Work and Pensions Secretary Therese Coffey (Jonathan Brady/PA) (PA Archive)
Work and Pensions Secretary Therese Coffey (Jonathan Brady/PA) (PA Archive)

The Government has abandoned a manifesto commitment on increases to the state pension because of concerns over the potential cost.

The triple-lock guarantees that pensions grow in line with whichever is highest out of earnings, inflation or 2.5%.

But the policy has been temporarily shelved because the impact of the coronavirus crisis on wages could have led to an unaffordable rise.

Work and Pensions Secretary Therese Coffey (Yui Mok/PA) (PA Archive)
Work and Pensions Secretary Therese Coffey (Yui Mok/PA) (PA Archive)

Work and Pensions Secretary Therese Coffey told MPs next year’s increase will be based on either 2.5% or inflation.

Distortions to wages during the coronavirus crisis could have meant pensioners receive a rise of as much as 8% – an extra £3 billion – while many workers have been dealing with job losses, salary cuts and pay freezes in the tough economy.

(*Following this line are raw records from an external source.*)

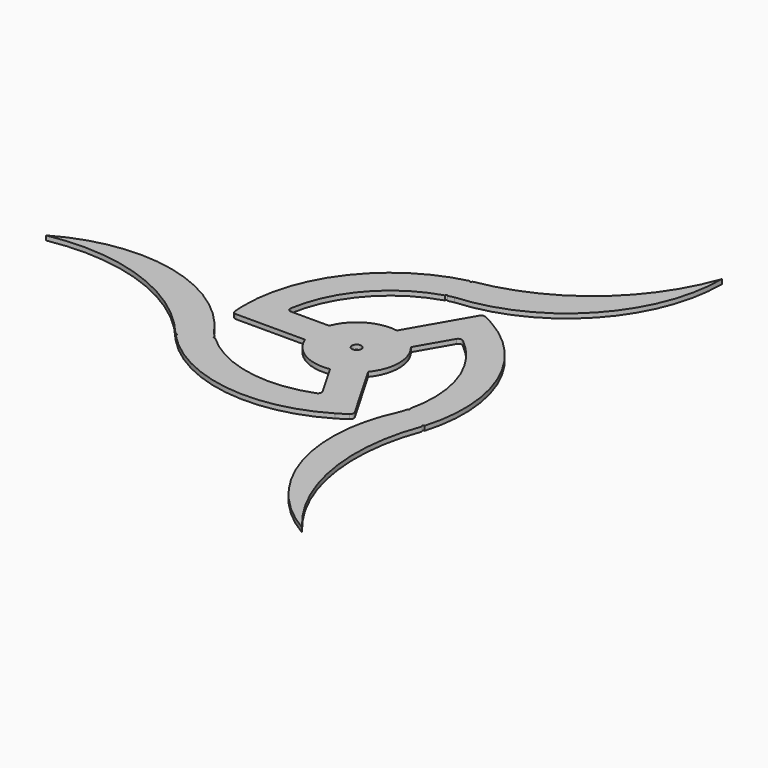
from build123d import *

# Parameters (mm, degrees)
F2_DEPTH        = 1.524
F0_R            = 14.2875
F0_R_2          = 1.5875
F3_COUNT        = 3
F3_ANGLE        = 240
F6_DEPTH        = 240
F6_COPIES_COUNT = 3


# Not quite as in the source:
# - an extrude ends at something that could not be found from the text; its depth is read off the source's solid
# - a pattern or mirror of a feature is missing from the dataset's text; its kind, count and spacing are read off the source's solid
# - a feature names something its author has since deleted; it is built from what else it names


with BuildPart() as f2:
    # F0 (on Top) → F2 (new body)
    with BuildSketch(Plane.XY):
        with BuildLine():
            ThreePointArc((50.8, 90.4875), (31.2220900836, 62.3697318544), (0, 48.26))
            ThreePointArc((0, 48.26), (-27.5567729007, 30.8458733427), (-38.1, 0))
            Line((-38.1, 0), (-27.9404663148, 0.0973411457))
            ThreePointArc((-27.9404663148, 0.0973411457), (-19.5823640029, 24.5502873707), (2.2631606282, 38.3552686068))
            ThreePointArc((2.2631606282, 38.3552686068), (36.7873562722, 54.8729161676), (50.8, 90.4875))
        make_face()
    extrude(amount=F2_DEPTH)


with BuildPart() as f2b:
    # F0 (on Top) → F2, piece 2 (new body)
    with BuildSketch(Plane.XY):
        Circle(F0_R)
        Circle(F0_R_2, mode=Mode.SUBTRACT)
    extrude(amount=F2_DEPTH)


with BuildPart() as f2c:
    # F1 (on face) → F2, piece 3 (new body)
    with BuildSketch(Plane.XY):
        with BuildLine():
            ThreePointArc((-13.3538854365, -5.08), (-14.2875, 0), (-13.3538854365, 5.08))
            Line((-13.3538854365, 5.08), (-26.2094863625, 5.08))
            ThreePointArc((-26.2094863625, 5.08), (-27.1751979909, 5.5251963562), (-27.4638524569, 6.5486597626))
            ThreePointArc((-27.4638524569, 6.5486597626), (-27.8366270568, 3.3329347264), (-27.9404663148, 0.0973411457))
            Line((-27.9404663148, 0.0973411457), (-38.1, 0))
            ThreePointArc((-38.1, 0), (-38.0418102628, -1.963864994), (-37.9049743558, -3.923821038))
            ThreePointArc((-37.9049743558, -3.923821038), (-37.4969244549, -4.7474040533), (-36.6400851229, -5.08))
            Line((-36.6400851229, -5.08), (-13.3538854365, -5.08))
        make_face()
    extrude(amount=F2_DEPTH)


with BuildPart() as f3_1:
    # F3: instance of F2
    add(f2.part.rotate(Axis((0, 0, 0), (0, 0, 1)), 1 * F3_ANGLE / (F3_COUNT - 1)))


with BuildPart() as f3_2:
    # F3: instance of F2
    add(f2.part.rotate(Axis((0, 0, 0), (0, 0, 1)), 2 * F3_ANGLE / (F3_COUNT - 1)))


with BuildPart() as f3_3:
    # F3: instance of F2c
    add(f2c.part.rotate(Axis((0, 0, 0), (0, 0, 1)), 1 * F3_ANGLE / (F3_COUNT - 1)))


with BuildPart() as f3_4:
    # F3: instance of F2c
    add(f2c.part.rotate(Axis((0, 0, 0), (0, 0, 1)), 2 * F3_ANGLE / (F3_COUNT - 1)))


with BuildPart() as f2_1:
    add(f2.part)

    # F4: union F2c, F2b, F3_4, F3_2, F3_3, F3_1
    add(f2c.part)
    add(f2b.part)
    add(f3_4.part)
    add(f3_2.part)
    add(f3_3.part)
    add(f3_1.part)

    # F5 (on face) → F6 (cut, through all)
    with BuildSketch(Plane.XY.offset(1.524)):
        with BuildLine():
            ThreePointArc((0, 48.26), (0.1881613405, 48.2897596913), (0.3762338884, 48.3200754628))
            ThreePointArc((0.3762338884, 48.3200754628), (-0.0732384475, 48.6338945437), (-0.3710948228, 48.1736887464))
            ThreePointArc((-0.3710948228, 48.1736887464), (-0.1856312633, 48.2172048941), (0, 48.26))
        make_face()
        with BuildLine():
            ThreePointArc((-0.3710948228, 48.1736887464), (0.0434388796, 47.8814843943), (0.381, 48.26))
            ThreePointArc((0.381, 48.26), (0.3798066031, 48.2901321135), (0.3762338884, 48.3200754628))
            ThreePointArc((0.3762338884, 48.3200754628), (0.1881613405, 48.2897596913), (0, 48.26))
            ThreePointArc((0, 48.26), (-0.1856312633, 48.2172048941), (-0.3710948228, 48.1736887464))
        make_face()
        with BuildLine():
            ThreePointArc((-0.3651208351, 37.6571250082), (0, 37.7659724968), (0.3661704074, 37.8712351814))
            ThreePointArc((0.3661704074, 37.8712351814), (-0.1070563729, 38.1316225112), (-0.3651208351, 37.6571250082))
        make_face()
    f6 = extrude(amount=-F6_DEPTH, mode=Mode.SUBTRACT)

    # F6_copies: F6 ×3 about axis
    f6_copies_axis = Axis((0, 0, 0), (0, 0, 1))
    for i in range(1, F6_COPIES_COUNT):
        add(f6.rotate(f6_copies_axis, i * 360 / F6_COPIES_COUNT), mode=Mode.SUBTRACT)


solid = f2_1.part

Ms Coffey told MPs there had been an “irregular statistical spike in earnings” over the period during which the pension rate is set.

She said the decision to remove the earnings benchmark “will also ensure that as we are having to make difficult decisions elsewhere across public spending, including freezing public sector pay, pensioners are not unfairly benefiting from a statistical anomaly”.

She told MPs: “At a time when we have made tough decisions to restore the public finances which have impacted working people, such as freezing income tax personal thresholds at current levels, this would not be fair.

“Setting aside the earnings element is temporary and only for one year.

“This means we can and will apply the triple lock as usual from next year for the remainder of this Parliament in line with our manifesto commitment.”

The decision to temporarily break the triple lock came just hours after Prime Minister Boris Johnson breached another manifesto commitment by increasing National Insurance to fund health and social care.

SNP work and pensions spokesman David Linden said: “Today’s bonanza of manifesto commitments being broken is like nothing we’ve ever seen before – indeed, I don’t think I’ve seen this many U-turns in one day since I sat my driving test back in 2007.

“Not only have the Tories hiked National Insurance, but now they’re waging war on pensioners’ incomes by watering down the triple lock.”

For Labour, shadow work and pensions secretary Jonathan Reynolds said: “So this decision isn’t a one-off, but a significant repudiation of the basis upon which the Government was elected, and it would be naive to say otherwise.”